As usual, U.S. carriers — which are preoccupied with battling high fuel prices and slackening demand for travel — face the fact that innovation is coming from overseas, where most major airlines are still solvent, if not necessarily flying high.

Just this week, Lufthansa, the dominant German carrier, introduced what it says is the first-ever dedicated airline-sponsored social network for college students: GenFlyLounge.com. GenFlyLounge.com allows duly enrolled student-members to compare notes on travel experiences and destinations and buy discounted student airfares on Lufthansa. Users must have current .edu e-mail addresses and present college IDs when they check-in at the airport for their flights.

Registration is free, but of course members tell the carrier about themselves, and the resulting consumption patterns and travel chatter tells Lufthansa who is using the program and how.
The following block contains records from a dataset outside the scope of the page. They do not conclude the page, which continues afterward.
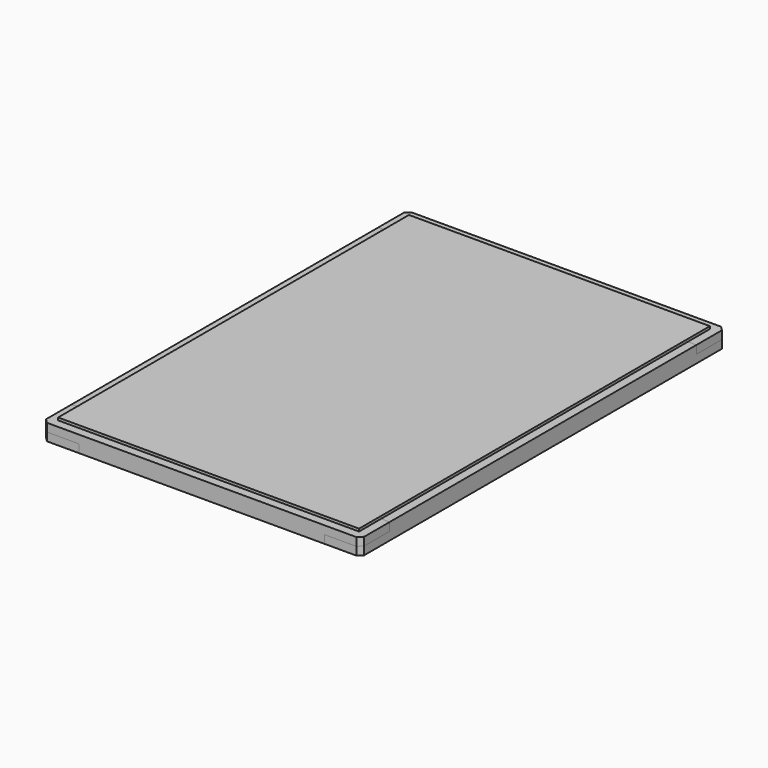
from build123d import *

# Parameters (mm, degrees)
F3_W      = 350
F3_H      = 510
F4_DEPTH  = 3
F5_W      = 350
F5_H      = 32
F5_R      = 4
F6_DEPTH  = 19
F7_W      = 42
F7_H      = 42
F7_R      = 4
F8_DEPTH  = 9.5
F9_SIZE   = 5
F11_W     = 32
F11_H     = 510
F11_R     = 4
F12_DEPTH = 19
F13_W     = 42
F13_H     = 42
F13_R     = 4
F14_DEPTH = 9.5
F15_SIZE  = 5
F17_R     = 4
F18_DEPTH = 19
F22_W     = 306
F22_H     = 466
F22_W_2   = 286
F22_H_2   = 446
F23_DEPTH = 10


# Not quite as in the source:
# - a feature names something its author has since deleted; it is built from what else it names


with BuildPart() as f4:
    # F3 (on Top) → F4 (new body)
    with BuildSketch(Plane.XY):
        Rectangle(F3_W, F3_H)
    extrude(amount=F4_DEPTH)


with BuildPart() as f6:
    # F5 (on face) → F6 (new body)
    with BuildSketch(Plane(origin=(0, 0, 0), x_dir=(1, 0, 0), z_dir=(0, 0, -1))):
        Polygon((-185, -265), (185, -265), (185, -223), (175, -223), (175, -255), (-175, -255), (-175, -223), (-185, -223), align=None)
        with Locations((0, -239)):
            Rectangle(F5_W, F5_H)
        with Locations((-164, -244)):
            Circle(F5_R, mode=Mode.SUBTRACT)
        with Locations((164, -244)):
            Circle(F5_R, mode=Mode.SUBTRACT)
    extrude(amount=F6_DEPTH)

    # F7 (on face) → F8 (cut)
    with BuildSketch(Plane(origin=(0, 0, -19), x_dir=(1, 0, 0), z_dir=(0, 0, -1))):
        with Locations((-164, -244)):
            Rectangle(F7_W, F7_H)
        with Locations((-164, -244)):
            Circle(F7_R, mode=Mode.SUBTRACT)
        with Locations((164, -244)):
            Rectangle(F7_W, F7_H)
        with Locations((164, -244)):
            Circle(F7_R, mode=Mode.SUBTRACT)
    extrude(amount=-F8_DEPTH, mode=Mode.SUBTRACT)

    # F9
    f9_edges = [f6.edges().sort_by_distance(p)[0] for p in [
        (-185, 265, -4.75),
        (185, 265, -4.75),
    ]]
    chamfer(f9_edges, length=F9_SIZE)


with BuildPart() as f10_1:
    # F10: instance of F6
    add(f6.part.mirror(Plane.XZ))


with BuildPart() as f12:
    # F11 (on face) → F12 (new body)
    with BuildSketch(Plane(origin=(0, 0, 0), x_dir=(1, 0, 0), z_dir=(0, 0, -1))):
        Polygon((-143, 265), (-185, 265), (-185, -265), (-143, -265), (-143, -255), (-175, -255), (-175, 255), (-143, 255), align=None)
        with Locations((-159, 0)):
            Rectangle(F11_W, F11_H)
        with Locations((-164, -244)):
            Circle(F11_R, mode=Mode.SUBTRACT)
        with Locations((-164, 244)):
            Circle(F11_R, mode=Mode.SUBTRACT)
    extrude(amount=F12_DEPTH)

    # F13 (on face) → F14 (cut)
    with BuildSketch(Plane.XY):
        with Locations((-164, 244)):
            Rectangle(F13_W, F13_H)
        with Locations((-164, 244)):
            Circle(F13_R, mode=Mode.SUBTRACT)
        with Locations((-164, -244)):
            Rectangle(F13_W, F13_H)
        with Locations((-164, -244)):
            Circle(F13_R, mode=Mode.SUBTRACT)
    extrude(amount=-F14_DEPTH, mode=Mode.SUBTRACT)

    # F15
    f15_edges = [f12.edges().sort_by_distance(p)[0] for p in [
        (-185, -265, -14.25),
        (-185, 265, -14.25),
    ]]
    chamfer(f15_edges, length=F15_SIZE)


with BuildPart() as f16_1:
    # F16: instance of F12
    add(f12.part.mirror(Plane.YZ))


with BuildPart() as f18:
    # F17 (on face) → F18 (new body)
    with BuildSketch(Plane(origin=(0, 0, 0), x_dir=(1, 0, 0), z_dir=(0, 0, -1))):
        with Locations((164, 244)):
            Circle(F17_R)
    extrude(amount=F18_DEPTH)


with BuildPart() as f19_1:
    # F19: instance of F18
    add(f18.part.mirror(Plane.YZ))


with BuildPart() as f20_1:
    # F20: instance of F18
    add(f18.part.mirror(Plane.XZ))


with BuildPart() as f20_2:
    # F20: instance of F19_1
    add(f19_1.part.mirror(Plane.XZ))


with BuildPart() as f23_tool:
    # F22 (on offset) → F23 (new body)
    with BuildSketch(Plane.XY.offset(-19)):
        Rectangle(F22_W, F22_H)
        Rectangle(F22_W_2, F22_H_2, mode=Mode.SUBTRACT)
    extrude(amount=F23_DEPTH)


with BuildPart() as f6_1:
    add(f6.part)

    # F23: cut by f23_tool
    add(f23_tool.part, mode=Mode.SUBTRACT)


with BuildPart() as f10_1_1:
    add(f10_1.part)

    # F23: cut by f23_tool
    add(f23_tool.part, mode=Mode.SUBTRACT)


with BuildPart() as f12_1:
    add(f12.part)

    # F23: cut by f23_tool
    add(f23_tool.part, mode=Mode.SUBTRACT)


with BuildPart() as f16_1_1:
    add(f16_1.part)

    # F23: cut by f23_tool
    add(f23_tool.part, mode=Mode.SUBTRACT)


solid = Compound([f4.part, f18.part, f19_1.part, f20_1.part, f20_2.part, f6_1.part, f10_1_1.part, f12_1.part, f16_1_1.part])

Lufthansa’s virtual lounge follows by 18 months KLM Royal Dutch Airlines’ launch of online communities KLM Club Africa and Club China — which target road-warrior business executives who fly often to Africa and China — and Flying Blue Golf, which is aimed at duffers. This last social network is especially notable; it allows golfers to comment on their golf scores and courses they have played, use KLM frequent flyer points to buy golfing equipment and, of course, book golfing trips on KLM.

Recently, Scandinavian Airlines moved to establish close ties with a high-profile, high-income demographic group by establishing a Web site dedicated to the gay, lesbian, bisexual and transgender/transsexual community.

On the new site, flysas.com/gay, the airline's own gay staff provide tips on the best restaurants, venues and events in Stockholm and Copenhagen. SAS also has partnered with several organizations and publishers so the site can offer gay maps, gay guides and an events calendar that is updated daily for both cities. While the new site has yet to become truly a social network, the potential for it to do so — and for SAS to be able to market directly to a community of people who travel more than most — is very clear.

In the United States, Web sites such as FlyerTalk.com provide platforms for people to talk about airlines and, not infrequently, vent about the troubled state of air travel. But airline-sponsored social networks are different; they allow airlines to help shape the conversation.

U.S. carriers are arriving late at the social networking party, but they are arriving, albeit with somewhat less ambitious agendas than those of major European carriers. So far, U.S. carriers have been content to launch the occasional blog, such as Southwest Airlines’ “Nuts About Southwest." The blog allows some user comment but consists mainly of airline employees self-consciously writing about their employers for public consumption.

Lufthansa’s and KLM’s programs are a good deal broader and more interactive than U.S. carriers’ blogs, which are chiefly public relations efforts.

No doubt U.S. airlines will be watching to see if social networking takes off. If so, we may expect to see more of it, especially when American carriers finally fly out of their current crisis and begin to innovate again instead of dreaming up still more passenger fees.

In the meantime, should you sign up for one of the leading-edge airline social networks?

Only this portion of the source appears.